Dang it Dave, you just couldn't stay out of this could you???


----------



## SJ_BIKER (Jun 22, 2012)

*Who ever invented the cabe is a genious..*

I love this site...cabers rocks period.


----------



## Boris (Jun 22, 2012)

OldRider said:


> Dang it Dave, you just couldn't stay out of this could you???




Tut, tut, looks like someone's anger and avarice is showing.


----------



## vincev (Jun 23, 2012)

Dave ,I think you are avoiding answering the original question of this thread.Is this your sneaky way of derailing yet another thread ?No spinning Dave ,answer the question and help put this thread back on the rail."yes,finally" what a sneaky way of changing the subject. Yes,I have had another forum member help me with my addiction. He fed me beer while visiting and since I love beer he would be classified as helping my addiction in a round about way. See Dave,it's easy!


----------



## PhattCatBicycles (Jun 23, 2012)

That's because us bicycle nuts need to stick together!!


----------



## jwm (Jun 24, 2012)

I just finished my morning coffee, and boy was I ever feeling angry and avaricious! Then I clicked on this thread, and my morning became all unicorns, and rainbows. Not only that, but the neighbor across the street just brought out a 1955 Hornet for sale for $55.00. It's just that sort of a day.
 Thanks, CABE 'ers

JWM

(I just made up the part about the Hornet)


----------



## jd56 (Mar 10, 2013)

*Another fellow member lends a hand*

I'll post this new addition later today but, need to give a shout out....

Again another Cabe member lends a hand with a bike pick up. I'm amazed how many members are willing to take time out of their busy schedule of work and family, to help out.
The seller was asking way above retail for this 67 Western Flyer "Cosmic Flyer" and after sending a couple of reasonable offers for the bike, he conceded. It's far from perfect but, the parts are what are needed at this point. I know....did JD say he was parting a bike? 







Thanks Rick (motorama55) for the helping hand.
This bike was recently purchased off ebay and it, of course, was a local pick up only. There was no way I could find time to get this and needed some help with the pick up and storage until I can get there. Sure it's only about 5 hours away but, I just can't find the time to go get it anytime soon. He is storing it for me until we can hook up.

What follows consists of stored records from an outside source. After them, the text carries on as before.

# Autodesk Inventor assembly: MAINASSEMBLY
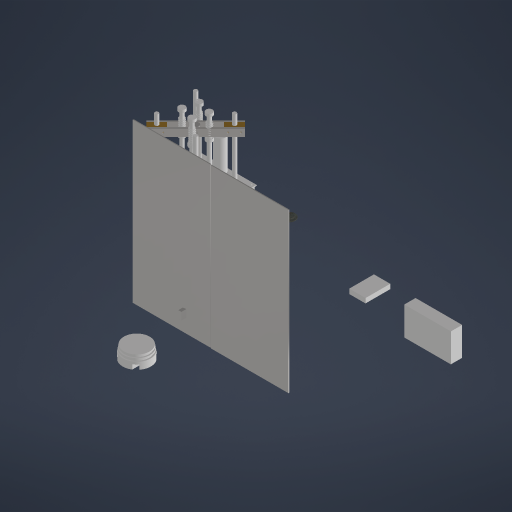
[picture p0: Inventor's stored thumbnail of the model, 512x512]
Saved by Autodesk Inventor 2024 (Build 280153000, 153)
## iProperties
Created: 2025-02-06
Part Number: MAINASSEMBLY
Document SubType Name: Assembly
Designer: Tommy Rohmann
Author: Tommy Rohmann
## Documents named in this file (16)
- C:\Users\Tommy Rohmann\OneDrive\Projects\Microgravity-Press-Washing-Machine\System Design and Documentation\Inventor Design Project\MAINASSEMBLY.iam
- C:\Users\Tommy Rohmann\OneDrive\Projects\Microgravity-Press-Washing-Machine\System Design and Documentation\Inventor Design Project\SUBWashChamber.iam
- C:\Users\Tommy Rohmann\OneDrive\Projects\Microgravity-Press-Washing-Machine\System Design and Documentation\Inventor Design Project\Actuated Ball Valves\SUBBallValve.iam
- C:\Users\Tommy Rohmann\OneDrive\Projects\Microgravity-Press-Washing-Machine\System Design and Documentation\Inventor Design Project\SUBReserviorPiston.iam
- C:\Users\Tommy Rohmann\OneDrive\Projects\Microgravity-Press-Washing-Machine\System Design and Documentation\Inventor Design Project\SUBConduitHatch.iam
- C:\Users\Tommy Rohmann\OneDrive\Projects\Microgravity-Press-Washing-Machine\System Design and Documentation\Inventor Design Project\.25inFittings\5779K109_Push-to-Connect Tube Fitting for Air .ipt
- C:\Users\Tommy Rohmann\OneDrive\Projects\Microgravity-Press-Washing-Machine\System Design and Documentation\Inventor Design Project\SUBFrameBottom.iam
- C:\Users\Tommy Rohmann\OneDrive\Projects\Microgravity-Press-Washing-Machine\System Design and Documentation\Inventor Design Project\SUBDriveShaftACME.iam
- C:\Users\Tommy Rohmann\OneDrive\Projects\Microgravity-Press-Washing-Machine\System Design and Documentation\Inventor Design Project\SUBWashPiston.iam
- C:\Users\Tommy Rohmann\OneDrive\Projects\Microgravity-Press-Washing-Machine\System Design and Documentation\Inventor Design Project\TensionerSprocket.ipt
- C:\Users\Tommy Rohmann\OneDrive\Projects\Microgravity-Press-Washing-Machine\System Design and Documentation\Inventor Design Project\SUBWashThrustArm.iam
- C:\Users\Tommy Rohmann\OneDrive\Projects\Microgravity-Press-Washing-Machine\System Design and Documentation\Inventor Design Project\LCDScreen.ipt
- C:\Users\Tommy Rohmann\OneDrive\Projects\Microgravity-Press-Washing-Machine\System Design and Documentation\Inventor Design Project\PowerSupply.ipt
- C:\Users\Tommy Rohmann\OneDrive\Projects\Microgravity-Press-Washing-Machine\System Design and Documentation\Inventor Design Project\RaspberryPi.ipt
- C:\Users\Tommy Rohmann\OneDrive\Projects\Microgravity-Press-Washing-Machine\System Design and Documentation\Inventor Design Project\SUBSuperStructure.iam
- C:\Users\Tommy Rohmann\OneDrive\Projects\Microgravity-Press-Washing-Machine\System Design and Documentation\Inventor Design Project\DriveTrainBase.iam
## Components (20 placed, 15 different names)
1. SUBWashChamber:1 [sub-assembly] — Mate:1, Tangent:1, Mate:4, Mate:5, Mate:9, Mate:10, Mate:11, Mate:12, Mate:14, Mate:27
2. SUBBallValve:1 [sub-assembly] — Mate:26, Flush:3
3. SUBReserviorPiston:1 [sub-assembly] — Mate:4
4. SUBConduitHatch:1 [sub-assembly]
5. 5779K109_Push-to-Connect Tube Fitting for Air :1 — Mate:1, Tangent:1
6. SUBFrameBottom:1 [sub-assembly] — Mate:9, Mate:12
7. SUBWashPiston:1 [sub-assembly] — Mate:5, Mate:6, Flush:1, Tangent:2
8. TensionerSprocket:1
9. SUBWashThrustArm:1 [sub-assembly] — Mate:6, Flush:1, Tangent:2, Mate:21
10. LCDScreen:1
11. PowerSupply:1
12. RaspberryPi:1
13. SUBFrameBottom:2 [sub-assembly] — Mate:10, Mate:11, Mate:25, Mate:26, Flush:3
14. SUBSuperStructure:1 [sub-assembly] — Mate:24, Mate:25, Flush:2
15. SUBSuperStructure:2 [sub-assembly]
16. DriveTrainBase:1 [sub-assembly] — Mate:14, Mate:15, Mate:16, Mate:17, Mate:18, Mate:19, Mate:20, Mate:22, Mate:23, Mate:24, Flush:2, Mate:27
17. SUBDriveShaftACME:1 [sub-assembly] — Mate:22, Mate:23
18. SUBDriveShaftACME:2 [sub-assembly] — Mate:17, Mate:18
19. SUBDriveShaftACME:3 [sub-assembly] — Mate:16, Mate:20
20. SUBDriveShaftACME:4 [sub-assembly] — Mate:15, Mate:19, Mate:21
## Relationships (27: Mate 22, Flush 3, Tangent 2)
- Mate:1: SUBWashChamber:1 ↔ 5779K109_Push-to-Connect Tube Fitting for Air :1
- Tangent:1 (10.16 mm): SUBWashChamber:1 ↔ 5779K109_Push-to-Connect Tube Fitting for Air :1
- Mate:4: SUBWashChamber:1 ↔ SUBReserviorPiston:1
- Mate:5: SUBWashChamber:1 ↔ SUBWashPiston:1
- Mate:6: SUBWashPiston:1 ↔ SUBWashThrustArm:1
- Flush:1: SUBWashPiston:1 ↔ SUBWashThrustArm:1
- Tangent:2: SUBWashPiston:1 ↔ SUBWashThrustArm:1
- Mate:9: SUBWashChamber:1 ↔ SUBFrameBottom:1
- Mate:10: SUBWashChamber:1 ↔ SUBFrameBottom:2
- Mate:11: SUBWashChamber:1 ↔ SUBFrameBottom:2
- Mate:12: SUBWashChamber:1 ↔ SUBFrameBottom:1
- Mate:14: SUBWashChamber:1 ↔ DriveTrainBase:1
- Mate:15: DriveTrainBase:1 ↔ SUBDriveShaftACME:4
- Mate:16: DriveTrainBase:1 ↔ SUBDriveShaftACME:3
- Mate:17: DriveTrainBase:1 ↔ SUBDriveShaftACME:2
- Mate:18: DriveTrainBase:1 ↔ SUBDriveShaftACME:2
- Mate:19: DriveTrainBase:1 ↔ SUBDriveShaftACME:4
- Mate:20: DriveTrainBase:1 ↔ SUBDriveShaftACME:3
- Mate:21: SUBWashThrustArm:1 ↔ SUBDriveShaftACME:4
- Mate:22: DriveTrainBase:1 ↔ SUBDriveShaftACME:1
- Mate:23: DriveTrainBase:1 ↔ SUBDriveShaftACME:1
- Mate:24: SUBSuperStructure:1 ↔ DriveTrainBase:1
- Mate:25: SUBFrameBottom:2 ↔ SUBSuperStructure:1
- Flush:2 (-3.175 mm): SUBSuperStructure:1 ↔ DriveTrainBase:1
- Mate:26: SUBBallValve:1 ↔ SUBFrameBottom:2
- Flush:3: SUBBallValve:1 ↔ SUBFrameBottom:2
- Mate:27: SUBWashChamber:1 ↔ DriveTrainBase:1

OH, and in case I neglected to thank GTs58, Gary, thanks for all the hard work you did to pickup the Silver Jet from you neck of the woods in AZ.






Without our fellow Cabe members, acquiring some bikes, would be just too costly or even impossible.


----------



## catfish (Mar 10, 2013)

My name is Catfish, and I have a problem.......  

I have reached out to many an old bicycle junkie. And I have had many reach out to me. I've picked up, packed and shipped out many a bicycle for other collectors. As well as picking up bikes at auction, and delivering them to swap meets. Often driving them up too 1000 miles, just so they don't have to be taken apart and shipped. And many others have done the same for me.  It's always good to help other collectors, and generate good will in the hobby.


----------



## prewarbikes4sale (Mar 10, 2013)

*Catfish Helped Me!*



catfish said:


> My name is Catfish, and I have a problem.......
> 
> I have reached out to many an old bicycle junkie. And I have had many reach out to me. I've picked up, packed and shipped out many a bicycle for other collectors. As well as picking up bikes at auction, and delivering them to swap meets. Often driving them up too 1000 miles, just so they don't have to be taken apart and shipped. And many others have done the same for me.  It's always good to help other collectors, and generate good will in the hobby.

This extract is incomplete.